■ DATA FOR THIS EXERCISE ■
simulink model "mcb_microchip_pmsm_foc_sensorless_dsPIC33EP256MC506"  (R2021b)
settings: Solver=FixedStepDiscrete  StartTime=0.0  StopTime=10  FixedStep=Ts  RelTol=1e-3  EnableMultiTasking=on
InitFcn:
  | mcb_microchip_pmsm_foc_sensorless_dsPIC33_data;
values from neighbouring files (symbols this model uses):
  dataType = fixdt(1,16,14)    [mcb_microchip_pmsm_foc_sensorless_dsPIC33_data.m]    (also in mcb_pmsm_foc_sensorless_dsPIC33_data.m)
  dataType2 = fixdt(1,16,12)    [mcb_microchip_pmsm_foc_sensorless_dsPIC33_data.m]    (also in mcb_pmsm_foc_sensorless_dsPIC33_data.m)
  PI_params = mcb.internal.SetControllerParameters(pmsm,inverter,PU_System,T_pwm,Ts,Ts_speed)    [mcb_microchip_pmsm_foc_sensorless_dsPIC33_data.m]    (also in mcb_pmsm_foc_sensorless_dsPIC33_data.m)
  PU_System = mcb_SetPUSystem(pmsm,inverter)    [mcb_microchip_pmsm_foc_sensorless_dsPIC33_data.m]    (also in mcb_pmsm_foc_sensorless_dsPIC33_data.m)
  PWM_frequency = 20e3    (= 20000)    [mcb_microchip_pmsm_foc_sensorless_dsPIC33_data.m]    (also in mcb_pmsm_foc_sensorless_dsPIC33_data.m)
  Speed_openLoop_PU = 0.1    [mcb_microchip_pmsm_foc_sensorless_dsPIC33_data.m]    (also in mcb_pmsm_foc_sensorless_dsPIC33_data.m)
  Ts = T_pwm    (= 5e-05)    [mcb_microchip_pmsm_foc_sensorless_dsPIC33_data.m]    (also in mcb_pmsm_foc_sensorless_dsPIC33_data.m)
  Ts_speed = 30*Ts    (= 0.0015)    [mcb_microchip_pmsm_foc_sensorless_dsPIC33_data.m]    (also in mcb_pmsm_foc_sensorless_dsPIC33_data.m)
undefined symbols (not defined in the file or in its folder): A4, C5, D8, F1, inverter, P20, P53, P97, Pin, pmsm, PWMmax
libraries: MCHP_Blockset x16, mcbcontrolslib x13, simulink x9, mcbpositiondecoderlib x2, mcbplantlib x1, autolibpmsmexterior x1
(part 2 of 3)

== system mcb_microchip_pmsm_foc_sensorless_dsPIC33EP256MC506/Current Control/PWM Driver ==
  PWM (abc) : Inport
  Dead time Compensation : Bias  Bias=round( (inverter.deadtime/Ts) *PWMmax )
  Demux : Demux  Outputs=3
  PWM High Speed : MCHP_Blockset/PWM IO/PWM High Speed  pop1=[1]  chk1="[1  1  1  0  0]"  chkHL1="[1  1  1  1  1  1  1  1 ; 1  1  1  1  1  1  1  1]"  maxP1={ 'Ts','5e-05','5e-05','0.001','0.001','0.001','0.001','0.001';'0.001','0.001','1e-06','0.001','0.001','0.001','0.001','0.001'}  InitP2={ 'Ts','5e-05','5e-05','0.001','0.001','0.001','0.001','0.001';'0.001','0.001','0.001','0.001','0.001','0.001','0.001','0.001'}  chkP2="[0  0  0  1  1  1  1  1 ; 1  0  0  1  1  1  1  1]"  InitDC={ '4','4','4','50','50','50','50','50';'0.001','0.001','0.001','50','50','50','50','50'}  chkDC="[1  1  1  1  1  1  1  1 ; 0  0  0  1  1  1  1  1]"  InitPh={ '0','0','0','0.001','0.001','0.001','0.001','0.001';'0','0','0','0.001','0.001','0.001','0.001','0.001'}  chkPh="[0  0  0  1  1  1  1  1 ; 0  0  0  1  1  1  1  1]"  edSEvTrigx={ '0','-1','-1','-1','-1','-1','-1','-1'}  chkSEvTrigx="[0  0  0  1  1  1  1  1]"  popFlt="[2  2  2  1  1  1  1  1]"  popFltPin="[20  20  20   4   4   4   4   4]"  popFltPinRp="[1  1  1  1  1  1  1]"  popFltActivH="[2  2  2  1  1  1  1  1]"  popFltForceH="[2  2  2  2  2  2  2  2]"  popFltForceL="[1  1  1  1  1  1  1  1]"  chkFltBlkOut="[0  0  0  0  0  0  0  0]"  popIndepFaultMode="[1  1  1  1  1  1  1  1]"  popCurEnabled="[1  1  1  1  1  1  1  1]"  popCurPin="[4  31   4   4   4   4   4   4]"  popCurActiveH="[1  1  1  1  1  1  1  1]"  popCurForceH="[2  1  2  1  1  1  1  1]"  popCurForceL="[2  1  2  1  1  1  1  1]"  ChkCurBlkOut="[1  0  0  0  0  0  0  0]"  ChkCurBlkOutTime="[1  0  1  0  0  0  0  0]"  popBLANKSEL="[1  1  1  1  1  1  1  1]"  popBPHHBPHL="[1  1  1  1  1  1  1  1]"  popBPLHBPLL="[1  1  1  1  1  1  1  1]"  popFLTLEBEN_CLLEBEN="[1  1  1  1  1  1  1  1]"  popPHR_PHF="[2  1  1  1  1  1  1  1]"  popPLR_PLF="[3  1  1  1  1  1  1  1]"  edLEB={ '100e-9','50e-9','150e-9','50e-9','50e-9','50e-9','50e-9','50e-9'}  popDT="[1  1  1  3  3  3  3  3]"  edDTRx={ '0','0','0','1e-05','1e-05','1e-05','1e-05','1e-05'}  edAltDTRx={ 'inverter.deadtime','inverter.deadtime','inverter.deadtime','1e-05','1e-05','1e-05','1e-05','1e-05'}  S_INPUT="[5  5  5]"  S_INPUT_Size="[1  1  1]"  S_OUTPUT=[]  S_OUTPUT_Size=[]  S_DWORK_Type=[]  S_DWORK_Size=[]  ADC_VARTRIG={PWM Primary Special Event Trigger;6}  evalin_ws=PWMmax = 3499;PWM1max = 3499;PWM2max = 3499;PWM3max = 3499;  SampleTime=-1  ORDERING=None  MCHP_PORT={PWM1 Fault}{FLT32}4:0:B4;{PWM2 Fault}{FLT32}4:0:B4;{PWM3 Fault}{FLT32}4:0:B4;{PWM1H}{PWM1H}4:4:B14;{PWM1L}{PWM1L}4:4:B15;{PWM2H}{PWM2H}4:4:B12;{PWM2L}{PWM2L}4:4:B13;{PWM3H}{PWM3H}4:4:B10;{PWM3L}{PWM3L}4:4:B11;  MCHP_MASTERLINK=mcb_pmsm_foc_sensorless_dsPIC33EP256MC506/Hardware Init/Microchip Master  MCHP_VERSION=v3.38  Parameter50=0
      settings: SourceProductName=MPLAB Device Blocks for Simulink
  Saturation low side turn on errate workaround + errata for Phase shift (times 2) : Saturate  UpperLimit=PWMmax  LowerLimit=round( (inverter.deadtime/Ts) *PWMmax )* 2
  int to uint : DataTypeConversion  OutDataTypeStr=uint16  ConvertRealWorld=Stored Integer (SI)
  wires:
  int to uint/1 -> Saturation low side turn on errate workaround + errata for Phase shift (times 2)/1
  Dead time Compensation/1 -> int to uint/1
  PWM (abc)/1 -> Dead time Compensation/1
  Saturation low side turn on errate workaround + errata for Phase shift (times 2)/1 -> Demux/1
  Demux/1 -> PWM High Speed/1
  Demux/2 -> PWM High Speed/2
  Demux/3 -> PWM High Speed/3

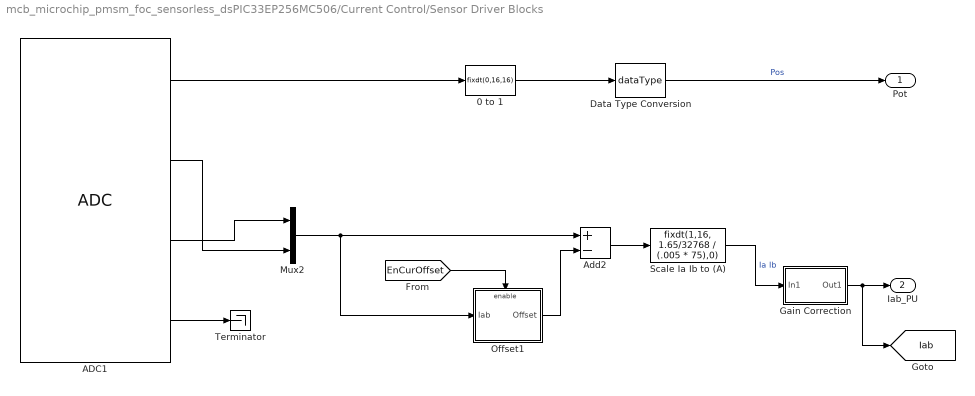
== system mcb_microchip_pmsm_foc_sensorless_dsPIC33EP256MC506/Current Control/Sensor Driver Blocks ==
  0 to 1 : DataTypeConversion  OutDataTypeStr=fixdt(0,16,16)  ConvertRealWorld=Stored Integer (SI)
  ADC1 : MCHP_Blockset/Analog IO/ADC  Priority=5  ADC_REF=1  Mode=10 bits (allows exact simultaneous sampling)  FORM=dddd dddd dddd 0000 ==> Unsigned fractional  ADC_R="< 5    kOhm"  nSAMPLECHANNELS=CH0 : CH1 : CH2 : CH3  nSAMPLECHANNELS_12bits=CH0 only  SIMULTANEOUS=Simultaneously on all Channels  ADxCSS=[13]  MUXA_CH0N=off  MUXA_CH123=Dynamic Options  MUXA_CH123_TXT=AN0 : AN1 : AN2  MUXB_CH0=AN13  MUXB_CH0N=on  MUXB_CH123=Dynamic Options  MUXB_CH123_TXT=AN0 : AN1 : AN2  SequenceRepeat=1  SequenceTiming=are done as fast as possible ; triggered by user define source  SSRC_SSRCG=Dynamic Options  SSRC_SSRCG_TXT=6  Update_BlockOutput=After each trig and conversion sequence  Trig_TimeStep=with each update of the ADC block output  ADC_DMA_CHANNEL=Use Interrupt instead of DMA  SampleTime=5e-05  Info=Total Time for Sample & Conversion : 4.4571e-06s including 3.4286e-07s (x 1) sample time.  MCHP_PORT={Analog Input 0}{AN0}15:2:A0;{Analog Input 1}{AN1}15:2:A1;{Analog Input 2}{AN2}15:2:B0;{Analog Input 13}{AN13}15:2:E13;  MCHP_MASTERLINK=mcb_pmsm_foc_sensorless_dsPIC33EP256MC506/Hardware Init/Microchip Master  ADC_TIMING=[4.4571428571428571832e-06]
      settings: SourceProductName=MPLAB Device Blocks for Simulink
  Add2 : Sum  Inputs=+-  OutDataTypeStr=int16  RndMeth=Zero
  Data Type Conversion : DataTypeConversion  OutDataTypeStr=dataType  RndMeth=Simplest
  Gain Correction : Subsystem
  Mux2 : Mux  Inputs=2
  Offset1 : Subsystem
  Scale Ia Ib to (A) : DataTypeConversion  OutDataTypeStr=fixdt(1,16, 1.65/32768 / (.005 * 75),0)  ConvertRealWorld=Stored Integer (SI)  RndMeth=Zero
  Terminator : Terminator
  Pot : Outport  VectorParamsAs1DForOutWhenUnconnected=off
  Iab_PU : Outport  Port=2  VectorParamsAs1DForOutWhenUnconnected=off
  tag scope: Iab=global
  wires:
  Mux2/1 -> Offset1/1(Iab), Add2/1
  0 to 1/1 -> Data Type Conversion/1
  [EnCurOffset] -> Offset1/Enable
  Data Type Conversion/1 -> Pot/1  "Pos"
  Add2/1 -> Scale Ia Ib to (A)/1
  ADC1/3 -> Mux2/1
  ADC1/1 -> 0 to 1/1
  Offset1/1(Offset) -> Add2/2
  ADC1/2 -> Mux2/2
  ADC1/4 -> Terminator/1
  Scale Ia Ib to (A)/1 -> Gain Correction/1(In1)  "Ia Ib"
  Gain Correction/1(Out1) -> [Iab], Iab_PU/1

== system mcb_microchip_pmsm_foc_sensorless_dsPIC33EP256MC506/Current Control/To Matlab Host  ==
  note: Note: Uncomment above blocks and comment Serial Send (below) to use Microchip's picgui interface to log hardware signals
  speed : Inport
  Data Store Read2 : DataStoreRead  DataStoreName=Speed_ref  IndexOptions=Index vector (dialog)  Indices=1  OutputSizes=1
  Gain : Gain  Gain=PU_System.N_base  OutDataTypeStr=uint16  RndMeth=Simplest
  Gain1 : Gain  Gain=PU_System.N_base  OutDataTypeStr=uint16
  Serial Send : Subsystem
  UART Tx-Matlab : MCHP_Blockset/BUS UART/UART Tx-Matlab  Commented=on  UART_REF=2  CHANNELS=[1 2]  AllOrNothing=off  SampleTime=.001  MCHP_MASTERLINK=mcb_pmsm_foc_sensorless_dsPIC33EP256MC506/Hardware Init/Microchip Master  MCHP_COMPILED_INFO="CompiledSampleTime= [0.0010000000000000000208   0 ];CompiledInportDataTypes=[  4   4 ];CompiledInportDataWidth=[1  1];"
      settings: SourceProductName=MPLAB Device Blocks for Simulink
  int to uint2 : DataTypeConversion  OutDataTypeStr=int16  ConvertRealWorld=Stored Integer (SI)
  int to uint3 : DataTypeConversion  OutDataTypeStr=int16  ConvertRealWorld=Stored Integer (SI)
  picgui Graphical interface : MCHP_Blockset/BUS UART/picgui Graphical interface  Commented=on  Nothing=0
      settings: SourceProductName=MPLAB Device Blocks for Simulink
  wires:
  speed/1 -> Serial Send/2(Speed_fb), Gain1/1
  Data Store Read2/1 -> Serial Send/1(Speed_ref), Gain/1
  Gain/1 -> int to uint3/1
  Gain1/1 -> int to uint2/1
  int to uint3/1 -> UART Tx-Matlab/1  "U2 CH1"
  int to uint2/1 -> UART Tx-Matlab/2  "U2 CH2"

== system mcb_microchip_pmsm_foc_sensorless_dsPIC33EP256MC506/Hardware Init/Open Board and Motor pages ==

== system mcb_microchip_pmsm_foc_sensorless_dsPIC33EP256MC506/Inverter and Motor/Codegeneration ==
  Duty_Cycles : Inport
  Ground : Ground
  Terminator : Terminator
  Feedbacks_Iab : Outport  VectorParamsAs1DForOutWhenUnconnected=off
  wires:
  Ground/1 -> Feedbacks_Iab/1
  Duty_Cycles/1 -> Terminator/1

== system mcb_microchip_pmsm_foc_sensorless_dsPIC33EP256MC506/Inverter and Motor/Simulation ==
  Duty_Cycles : Inport
  Inverter : Subsystem
  Load_Profile (Torque) : Subsystem
  Sensor_Measurements : Subsystem
  Surface Mount PMSM : autolibpmsmexterior/Surface Mount PMSM  port_config=Torque  sim_type=Discrete  Ts=Ts  P=pmsm.p  Rs=pmsm.Rs + inverter.R_board  Ldq_=pmsm.Ld  KConstText=Permanent flux linkage constant (lambda_pm):  lambda_pm=pmsm.FluxPM  Ke=159.9771  Kt=1.323  mechanical=[pmsm.J, pmsm.B, 0]  idq0=[0 0]  theta_init=0  omega_init=0  KConst=pmsm.FluxPM  lambda_pm_calc=pmsm.FluxPM  RefBlkName='autolibpmsmexterior/Surface Mount PMSM'  aMode=5  Ldq="[0.0002      0.0002]"
      settings: SourceProductBaseCode=PW,DR,MT,UV,VE
  Terminator : Terminator
  Terminator1 : Terminator
  Feedbacks_Iab : Outport  VectorParamsAs1DForOutWhenUnconnected=off
  wires:
  Surface Mount PMSM/3 -> Terminator/1
  Duty_Cycles/1 -> Inverter/1(Duty_abc)
  Surface Mount PMSM/2 -> Sensor_Measurements/1(PhaseCurr)  "Iabc"
  Sensor_Measurements/1(Iab_fb) -> Feedbacks_Iab/1
  Load_Profile (Torque)/1(Load_Trq) -> Surface Mount PMSM/1
  Inverter/1(Vabc) -> Surface Mount PMSM/2
  Surface Mount PMSM/1 -> Terminator1/1

== system mcb_microchip_pmsm_foc_sensorless_dsPIC33EP256MC506/Speed Control/PI_Controller_Speed ==
  N_ref : Inport
  N_fb : Inport  Port=2
  Enable : EnablePort
  AND : Logic  IconShape=distinctive  AllPortsSameDT=off  OutDataTypeStr=boolean
  Data Store Read : DataStoreRead  DataStoreName=Enable  IndexOptions=Index vector (dialog)  Indices=1  OutputSizes=1
  Data Store Read1 : DataStoreRead  DataStoreName=EnableFOC  IndexOptions=Index vector (dialog)  Indices=1  OutputSizes=1
  Discrete PI Controller with anti-windup & reset : mcbcontrolslib/Discrete PI Controller  with anti-windup & reset  UpperSaturationLimit=1  LowerSaturationLimit=-1
      settings: SourceProductBaseCode=MT
  Ki1 : Constant  Value=Ts_speed * PI_params.Ki_speed  OutDataTypeStr=dataType  SampleTime=-1
  Ki2 : Constant  Value=0  OutDataTypeStr=dataType  SampleTime=-1
  Kp1 : Constant  Value=PI_params.Kp_speed  OutDataTypeStr=dataType2  SampleTime=-1
  Logical Operator : Logic  Operator=NOT  IconShape=distinctive  AllPortsSameDT=off  OutDataTypeStr=boolean
  Sum : Sum  Inputs=|+-  OutDataTypeStr=Inherit: Same as first input
  Iq_ref : Outport  OutputWhenDisabled=reset  InitialOutput=0  VectorParamsAs1DForOutWhenUnconnected=off
  wires:
  Discrete PI Controller with anti-windup & reset/1 -> Iq_ref/1
  Ki1/1 -> Discrete PI Controller with anti-windup & reset/3
  Kp1/1 -> Discrete PI Controller with anti-windup & reset/2
  N_fb/1 -> Sum/2
  Sum/1 -> Discrete PI Controller with anti-windup & reset/1
  Logical Operator/1 -> Discrete PI Controller with anti-windup & reset/4
  Ki2/1 -> Discrete PI Controller with anti-windup & reset/5
  N_ref/1 -> Sum/1  "Speed_Ref"
  Data Store Read1/1 -> AND/1
  Data Store Read/1 -> AND/2
  AND/1 -> Logical Operator/1

== system mcb_microchip_pmsm_foc_sensorless_dsPIC33EP256MC506/Speed Control/Speed_Ref_Selector ==
  Speed_Ref : Inport
  Constant : Constant  Value=Speed_openLoop_PU  OutDataTypeStr=dataType
  Data Store Read1 : DataStoreRead  DataStoreName=EnClosedLoop  IndexOptions=Index vector (dialog)  Indices=1  OutputSizes=1
  Switch : Switch  Criteria=u2 > Threshold
  Zero_Cancellation : mcbcontrolslib/IIR Filter  VariantControl=Low Pass Filter  VariantSelect=Low-pass  Filter_constant=0.2  advancedSettings=off  Ts=50e-6  cutOff_freq=795.7747
      settings: SourceProductBaseCode=MT
  Speed_ref : Outport
  wires:
  Constant/1 -> Switch/3
  Data Store Read1/1 -> Switch/2
  Switch/1 -> Zero_Cancellation/1
  Speed_Ref/1 -> Switch/1
  Zero_Cancellation/1 -> Speed_ref/1

== system mcb_microchip_pmsm_foc_sensorless_dsPIC33EP256MC506/System Inputs/Adjust Pot output ==
  note: Toggle between enable and disable on press on Button S2
  In1 : Inport
  Add : Sum
  Button S2 : MCHP_Blockset/Digital IO/Digital Input  PORT=Dynamic Options  PORT_TXT="G   [ 6 : 9 ]"  PIN=7  PACK=off  SIMULTANEOUS=off  ORDERING=None  SampleTime=-1  MCHP_PORT={Digital In}{DIN}2:0:G7;  MCHP_MASTERLINK=mcb_pmsm_foc_sensorless_dsPIC33EP256MC506/Hardware Init/Microchip Master
      settings: SourceProductName=MPLAB Device Blocks for Simulink
  Constant : Constant  Value=0.3
  Gain : Gain  Gain=0.45
  Saturation : Saturate  UpperLimit=0.75  LowerLimit=0.3
  Triggered Subsystem : Subsystem  TreatAsAtomicUnit=on
  Out1 : Outport
  wires:
  In1/1 -> Gain/1
  Constant/1 -> Add/2
  Gain/1 -> Add/1
  Add/1 -> Saturation/1
  Saturation/1 -> Out1/1
  Button S2/1 -> Triggered Subsystem/Trigger

== system mcb_microchip_pmsm_foc_sensorless_dsPIC33EP256MC506/System Inputs/Sim ==
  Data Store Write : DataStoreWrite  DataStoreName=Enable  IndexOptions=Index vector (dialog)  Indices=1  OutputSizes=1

■ THE PROBLEM ■
Your answer should consist of the lines from the line with "settings: SourceProductBaseCode=PW,DR,MT,UV,VE" to the line with "Ki2 : Constant" above, repeated exactly, both ends included.

■ WRITTEN RESPONSE ■
      settings: SourceProductBaseCode=PW,DR,MT,UV,VE
  Terminator : Terminator
  Terminator1 : Terminator
  Feedbacks_Iab : Outport  VectorParamsAs1DForOutWhenUnconnected=off
  wires:
  Surface Mount PMSM/3 -> Terminator/1
  Duty_Cycles/1 -> Inverter/1(Duty_abc)
  Surface Mount PMSM/2 -> Sensor_Measurements/1(PhaseCurr)  "Iabc"
  Sensor_Measurements/1(Iab_fb) -> Feedbacks_Iab/1
  Load_Profile (Torque)/1(Load_Trq) -> Surface Mount PMSM/1
  Inverter/1(Vabc) -> Surface Mount PMSM/2
  Surface Mount PMSM/1 -> Terminator1/1

== system mcb_microchip_pmsm_foc_sensorless_dsPIC33EP256MC506/Speed Control/PI_Controller_Speed ==
  N_ref : Inport
  N_fb : Inport  Port=2
  Enable : EnablePort
  AND : Logic  IconShape=distinctive  AllPortsSameDT=off  OutDataTypeStr=boolean
  Data Store Read : DataStoreRead  DataStoreName=Enable  IndexOptions=Index vector (dialog)  Indices=1  OutputSizes=1
  Data Store Read1 : DataStoreRead  DataStoreName=EnableFOC  IndexOptions=Index vector (dialog)  Indices=1  OutputSizes=1
  Discrete PI Controller with anti-windup & reset : mcbcontrolslib/Discrete PI Controller  with anti-windup & reset  UpperSaturationLimit=1  LowerSaturationLimit=-1
      settings: SourceProductBaseCode=MT
  Ki1 : Constant  Value=Ts_speed * PI_params.Ki_speed  OutDataTypeStr=dataType  SampleTime=-1
  Ki2 : Constant  Value=0  OutDataTypeStr=dataType  SampleTime=-1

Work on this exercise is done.